▶ _Exercise prompt_
With both ends included, repeat exactly the lines of the entries below from the one containing "#176=EDGE_LOOP('',(#153,#161,#169,#175));" down to the one containing "#180=DIRECTION('',(-0.866025403784429,0.,-0.500000000000017));", and no others.

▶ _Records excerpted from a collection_
*****

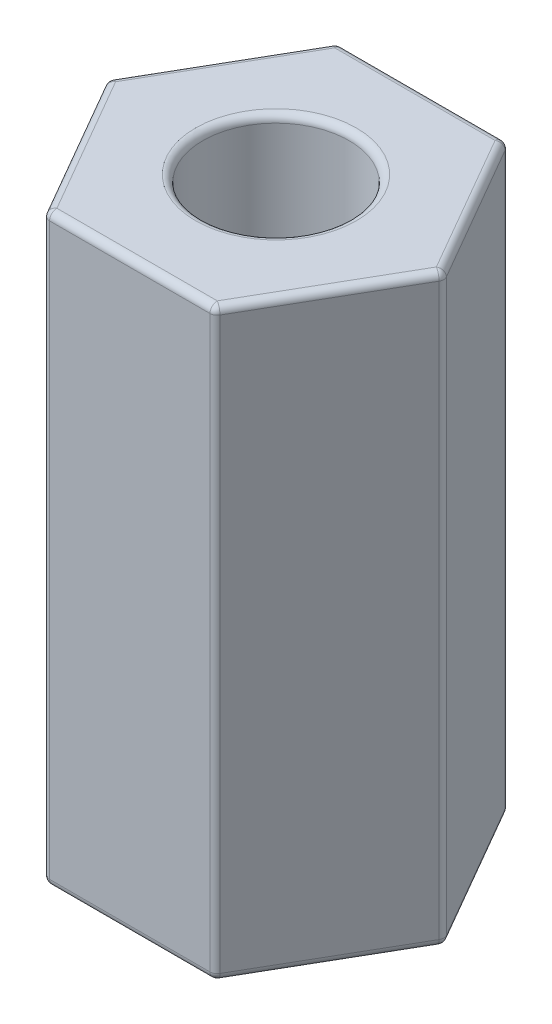
ISO-10303-21;
HEADER;
FILE_DESCRIPTION(('STEP AP214'),'2;1');
FILE_NAME('part.step','',(''),(''),'','','');
FILE_SCHEMA(('AUTOMOTIVE_DESIGN { 1 0 10303 214 1 1 1 1 }'));
ENDSEC;
DATA;
#1=APPLICATION_CONTEXT('core data for automotive mechanical design processes');
#2=APPLICATION_PROTOCOL_DEFINITION('international standard','automotive_design',2000,#1);
#3=PRODUCT_CONTEXT('',#1,'mechanical');
#4=PRODUCT('Part','Part','',(#3));
#5=PRODUCT_RELATED_PRODUCT_CATEGORY('part','',(#4));
#6=PRODUCT_DEFINITION_FORMATION('','',#4);
#7=PRODUCT_DEFINITION_CONTEXT('part definition',#1,'design');
#8=PRODUCT_DEFINITION('design','',#6,#7);
#9=PRODUCT_DEFINITION_SHAPE('','',#8);
#10=(LENGTH_UNIT() NAMED_UNIT(*) SI_UNIT(.MILLI.,.METRE.));
#11=(NAMED_UNIT(*) PLANE_ANGLE_UNIT() SI_UNIT($,.RADIAN.));
#12=(NAMED_UNIT(*) SI_UNIT($,.STERADIAN.) SOLID_ANGLE_UNIT());
#13=UNCERTAINTY_MEASURE_WITH_UNIT(LENGTH_MEASURE(1.E-05),#10,'distance_accuracy_value','');
#14=(GEOMETRIC_REPRESENTATION_CONTEXT(3) GLOBAL_UNCERTAINTY_ASSIGNED_CONTEXT((#13)) GLOBAL_UNIT_ASSIGNED_CONTEXT((#10,
#11,#12)) REPRESENTATION_CONTEXT('',''));
#15=CARTESIAN_POINT('',(0.,0.,0.));
#16=DIRECTION('',(0.,0.,1.));
#17=DIRECTION('',(1.,0.,0.));
#18=AXIS2_PLACEMENT_3D('',#15,#16,#17);
#19=CARTESIAN_POINT('',(-1.154700538379,0.,2.));
#20=DIRECTION('',(0.,0.,1.));
#21=DIRECTION('',(1.,0.,0.));
#22=AXIS2_PLACEMENT_3D('',#19,#20,#21);
#23=PLANE('',#22);
#24=DIRECTION('',(0.,1.,0.));
#25=VECTOR('',#24,1.);
#26=CARTESIAN_POINT('',(-1.09696551146074,0.,2.));
#27=LINE('',#26,#25);
#28=CARTESIAN_POINT('',(-1.09696551146074,7.9,2.));
#29=VERTEX_POINT('',#28);
#30=CARTESIAN_POINT('',(-1.09696551146074,0.1,2.));
#31=VERTEX_POINT('',#30);
#32=EDGE_CURVE('E350',#29,#31,#27,.F.);
#33=ORIENTED_EDGE('',*,*,#32,.T.);
#34=DIRECTION('',(1.,0.,0.));
#35=VECTOR('',#34,1.);
#36=CARTESIAN_POINT('',(1.09696551146004,0.1,2.));
#37=LINE('',#36,#35);
#38=CARTESIAN_POINT('',(1.09696551146004,0.1,2.));
#39=VERTEX_POINT('',#38);
#40=EDGE_CURVE('E319',#31,#39,#37,.T.);
#41=ORIENTED_EDGE('',*,*,#40,.T.);
#42=DIRECTION('',(0.,-1.,0.));
#43=VECTOR('',#42,1.);
#44=CARTESIAN_POINT('',(1.09696551146004,0.,2.));
#45=LINE('',#44,#43);
#46=CARTESIAN_POINT('',(1.09696551146004,7.9,2.));
#47=VERTEX_POINT('',#46);
#48=EDGE_CURVE('E353',#39,#47,#45,.F.);
#49=ORIENTED_EDGE('',*,*,#48,.T.);
#50=DIRECTION('',(1.,0.,0.));
#51=VECTOR('',#50,1.);
#52=CARTESIAN_POINT('',(-1.154700538379,7.9,2.));
#53=LINE('',#52,#51);
#54=EDGE_CURVE('E321',#47,#29,#53,.F.);
#55=ORIENTED_EDGE('',*,*,#54,.T.);
#56=EDGE_LOOP('',(#33,#41,#49,#55));
#57=FACE_BOUND('',#56,.T.);
#58=ADVANCED_FACE('F33',(#57),#23,.T.);
#59=CARTESIAN_POINT('',(1.154700538379,0.,2.));
#60=DIRECTION('',(0.866025403784429,0.,0.500000000000017));
#61=DIRECTION('',(0.500000000000017,0.,-0.866025403784429));
#62=AXIS2_PLACEMENT_3D('',#59,#60,#61);
#63=PLANE('',#62);
#64=DIRECTION('',(0.,-1.,0.));
#65=VECTOR('',#64,1.);
#66=CARTESIAN_POINT('',(1.18356805183848,0.,1.95));
#67=LINE('',#66,#65);
#68=CARTESIAN_POINT('',(1.18356805183848,7.9,1.95));
#69=VERTEX_POINT('',#68);
#70=CARTESIAN_POINT('',(1.18356805183848,0.1,1.95));
#71=VERTEX_POINT('',#70);
#72=EDGE_CURVE('E344',#69,#71,#67,.T.);
#73=ORIENTED_EDGE('',*,*,#72,.T.);
#74=DIRECTION('',(0.500000000000017,0.,-0.866025403784429));
#75=VECTOR('',#74,1.);
#76=CARTESIAN_POINT('',(2.28053356329917,0.1,0.0499999999993974));
#77=LINE('',#76,#75);
#78=CARTESIAN_POINT('',(2.28053356329917,0.1,0.049999999999398));
#79=VERTEX_POINT('',#78);
#80=EDGE_CURVE('E311',#71,#79,#77,.T.);
#81=ORIENTED_EDGE('',*,*,#80,.T.);
#82=DIRECTION('',(0.,-1.,0.));
#83=VECTOR('',#82,1.);
#84=CARTESIAN_POINT('',(2.28053356329917,0.,0.049999999999398));
#85=LINE('',#84,#83);
#86=CARTESIAN_POINT('',(2.28053356329917,7.9,0.049999999999398));
#87=VERTEX_POINT('',#86);
#88=EDGE_CURVE('E347',#79,#87,#85,.F.);
#89=ORIENTED_EDGE('',*,*,#88,.T.);
#90=DIRECTION('',(0.500000000000017,0.,-0.866025403784429));
#91=VECTOR('',#90,1.);
#92=CARTESIAN_POINT('',(1.154700538379,7.9,2.));
#93=LINE('',#92,#91);
#94=EDGE_CURVE('E313',#87,#69,#93,.F.);
#95=ORIENTED_EDGE('',*,*,#94,.T.);
#96=EDGE_LOOP('',(#73,#81,#89,#95));
#97=FACE_BOUND('',#96,.T.);
#98=ADVANCED_FACE('F461',(#97),#63,.T.);
#99=CARTESIAN_POINT('',(2.309401076759,0.,0.));
#100=DIRECTION('',(0.866025403784429,0.,-0.500000000000017));
#101=DIRECTION('',(-0.500000000000017,0.,-0.866025403784429));
#102=AXIS2_PLACEMENT_3D('',#99,#100,#101);
#103=PLANE('',#102);
#104=DIRECTION('',(0.,-1.,0.));
#105=VECTOR('',#104,1.);
#106=CARTESIAN_POINT('',(2.28053356329917,0.,-0.0500000000006048));
#107=LINE('',#106,#105);
#108=CARTESIAN_POINT('',(2.28053356329917,7.9,-0.0500000000006048));
#109=VERTEX_POINT('',#108);
#110=CARTESIAN_POINT('',(2.28053356329917,0.1,-0.0500000000006048));
#111=VERTEX_POINT('',#110);
#112=EDGE_CURVE('E359',#109,#111,#107,.T.);
#113=ORIENTED_EDGE('',*,*,#112,.T.);
#114=DIRECTION('',(-0.500000000000017,0.,-0.866025403784429));
#115=VECTOR('',#114,1.);
#116=CARTESIAN_POINT('',(1.18356805183918,0.1,-1.95));
#117=LINE('',#116,#115);
#118=CARTESIAN_POINT('',(1.18356805183918,0.1,-1.95));
#119=VERTEX_POINT('',#118);
#120=EDGE_CURVE('E303',#111,#119,#117,.T.);
#121=ORIENTED_EDGE('',*,*,#120,.T.);
#122=DIRECTION('',(0.,-1.,0.));
#123=VECTOR('',#122,1.);
#124=CARTESIAN_POINT('',(1.18356805183918,0.,-1.95));
#125=LINE('',#124,#123);
#126=CARTESIAN_POINT('',(1.18356805183918,7.9,-1.95));
#127=VERTEX_POINT('',#126);
#128=EDGE_CURVE('E356',#119,#127,#125,.F.);
#129=ORIENTED_EDGE('',*,*,#128,.T.);
#130=DIRECTION('',(-0.500000000000017,0.,-0.866025403784429));
#131=VECTOR('',#130,1.);
#132=CARTESIAN_POINT('',(2.309401076759,7.9,0.));
#133=LINE('',#132,#131);
#134=EDGE_CURVE('E305',#127,#109,#133,.F.);
#135=ORIENTED_EDGE('',*,*,#134,.T.);
#136=EDGE_LOOP('',(#113,#121,#129,#135));
#137=FACE_BOUND('',#136,.T.);
#138=ADVANCED_FACE('F416',(#137),#103,.T.);
#139=CARTESIAN_POINT('',(1.154700538379,0.,-2.));
#140=DIRECTION('',(0.,0.,-1.));
#141=DIRECTION('',(-1.,0.,0.));
#142=AXIS2_PLACEMENT_3D('',#139,#140,#141);
#143=PLANE('',#142);
#144=DIRECTION('',(0.,-1.,0.));
#145=VECTOR('',#144,1.);
#146=CARTESIAN_POINT('',(1.09696551146074,0.,-2.));
#147=LINE('',#146,#145);
#148=CARTESIAN_POINT('',(1.09696551146074,7.9,-2.));
#149=VERTEX_POINT('',#148);
#150=CARTESIAN_POINT('',(1.09696551146074,0.1,-2.));
#151=VERTEX_POINT('',#150);
#152=EDGE_CURVE('E370',#149,#151,#147,.T.);
#153=ORIENTED_EDGE('',*,*,#152,.T.);
#154=DIRECTION('',(-1.,0.,0.));
#155=VECTOR('',#154,1.);
#156=CARTESIAN_POINT('',(-1.09696551146004,0.1,-2.));
#157=LINE('',#156,#155);
#158=CARTESIAN_POINT('',(-1.09696551146004,0.1,-2.));
#159=VERTEX_POINT('',#158);
#160=EDGE_CURVE('E294',#151,#159,#157,.T.);
#161=ORIENTED_EDGE('',*,*,#160,.T.);
#162=DIRECTION('',(0.,-1.,0.));
#163=VECTOR('',#162,1.);
#164=CARTESIAN_POINT('',(-1.09696551146004,0.,-2.));
#165=LINE('',#164,#163);
#166=CARTESIAN_POINT('',(-1.09696551146004,7.9,-2.));
#167=VERTEX_POINT('',#166);
#168=EDGE_CURVE('E367',#159,#167,#165,.F.);
#169=ORIENTED_EDGE('',*,*,#168,.T.);
#170=DIRECTION('',(-1.,0.,0.));
#171=VECTOR('',#170,1.);
#172=CARTESIAN_POINT('',(1.154700538379,7.9,-2.));
#173=LINE('',#172,#171);
#174=EDGE_CURVE('E296',#167,#149,#173,.F.);
#175=ORIENTED_EDGE('',*,*,#174,.T.);
#176=EDGE_LOOP('',(#153,#161,#169,#175));
#177=FACE_BOUND('',#176,.T.);
#178=ADVANCED_FACE('F376',(#177),#143,.T.);
#179=CARTESIAN_POINT('',(-1.154700538379,0.,-2.));
#180=DIRECTION('',(-0.866025403784429,0.,-0.500000000000017));
#181=DIRECTION('',(-0.500000000000017,0.,0.866025403784429));
#182=AXIS2_PLACEMENT_3D('',#179,#180,#181);
#183=PLANE('',#182);
#184=DIRECTION('',(0.,-1.,0.));
#185=VECTOR('',#184,1.);
#186=CARTESIAN_POINT('',(-1.18356805183848,0.,-1.95));
#187=LINE('',#186,#185);
#188=CARTESIAN_POINT('',(-1.18356805183848,7.9,-1.95));
#189=VERTEX_POINT('',#188);
#190=CARTESIAN_POINT('',(-1.18356805183848,0.1,-1.95));
#191=VERTEX_POINT('',#190);
#192=EDGE_CURVE('E165',#189,#191,#187,.T.);
#193=ORIENTED_EDGE('',*,*,#192,.T.);
#194=DIRECTION('',(-0.500000000000017,0.,0.866025403784429));
#195=VECTOR('',#194,1.);
#196=CARTESIAN_POINT('',(-2.28053356329917,0.1,-0.0499999999993974));
#197=LINE('',#196,#195);
#198=CARTESIAN_POINT('',(-2.28053356329917,0.1,-0.049999999999398));
#199=VERTEX_POINT('',#198);
#200=EDGE_CURVE('E159',#191,#199,#197,.T.);
#201=ORIENTED_EDGE('',*,*,#200,.T.);
#202=DIRECTION('',(0.,-1.,0.));
#203=VECTOR('',#202,1.);
#204=CARTESIAN_POINT('',(-2.28053356329917,0.,-0.049999999999398));
#205=LINE('',#204,#203);
#206=CARTESIAN_POINT('',(-2.28053356329917,7.9,-0.049999999999398));
#207=VERTEX_POINT('',#206);
#208=EDGE_CURVE('E162',#199,#207,#205,.F.);
#209=ORIENTED_EDGE('',*,*,#208,.T.);
#210=DIRECTION('',(-0.500000000000017,0.,0.866025403784429));
#211=VECTOR('',#210,1.);
#212=CARTESIAN_POINT('',(-1.154700538379,7.9,-2.));
#213=LINE('',#212,#211);
#214=EDGE_CURVE('E171',#207,#189,#213,.F.);
#215=ORIENTED_EDGE('',*,*,#214,.T.);
#216=EDGE_LOOP('',(#193,#201,#209,#215));
#217=FACE_BOUND('',#216,.T.);
#218=ADVANCED_FACE('F161',(#217),#183,.T.);
#219=CARTESIAN_POINT('',(-2.309401076759,0.,0.));
#220=DIRECTION('',(-0.866025403784429,0.,0.500000000000017));
#221=DIRECTION('',(0.500000000000017,0.,0.866025403784429));
#222=AXIS2_PLACEMENT_3D('',#219,#220,#221);
#223=PLANE('',#222);
#224=DIRECTION('',(0.,-1.,0.));
#225=VECTOR('',#224,1.);
#226=CARTESIAN_POINT('',(-2.28053356329917,0.,0.0500000000006048));
#227=LINE('',#226,#225);
#228=CARTESIAN_POINT('',(-2.28053356329917,7.9,0.0500000000006048));
#229=VERTEX_POINT('',#228);
#230=CARTESIAN_POINT('',(-2.28053356329917,0.1,0.0500000000006048));
#231=VERTEX_POINT('',#230);
#232=EDGE_CURVE('E362',#229,#231,#227,.T.);
#233=ORIENTED_EDGE('',*,*,#232,.T.);
#234=DIRECTION('',(0.500000000000017,0.,0.866025403784429));
#235=VECTOR('',#234,1.);
#236=CARTESIAN_POINT('',(-1.18356805183918,0.1,1.95));
#237=LINE('',#236,#235);
#238=CARTESIAN_POINT('',(-1.18356805183918,0.1,1.95));
#239=VERTEX_POINT('',#238);
#240=EDGE_CURVE('E340',#231,#239,#237,.T.);
#241=ORIENTED_EDGE('',*,*,#240,.T.);
#242=DIRECTION('',(0.,1.,0.));
#243=VECTOR('',#242,1.);
#244=CARTESIAN_POINT('',(-1.18356805183918,0.,1.95));
#245=LINE('',#244,#243);
#246=CARTESIAN_POINT('',(-1.18356805183918,7.9,1.95));
#247=VERTEX_POINT('',#246);
#248=EDGE_CURVE('E364',#239,#247,#245,.T.);
#249=ORIENTED_EDGE('',*,*,#248,.T.);
#250=DIRECTION('',(0.500000000000017,0.,0.866025403784429));
#251=VECTOR('',#250,1.);
#252=CARTESIAN_POINT('',(-2.309401076759,7.9,0.));
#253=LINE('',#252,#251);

*****

▶ _Answer to this exercise_
#176=EDGE_LOOP('',(#153,#161,#169,#175));
#177=FACE_BOUND('',#176,.T.);
#178=ADVANCED_FACE('F376',(#177),#143,.T.);
#179=CARTESIAN_POINT('',(-1.154700538379,0.,-2.));
#180=DIRECTION('',(-0.866025403784429,0.,-0.500000000000017));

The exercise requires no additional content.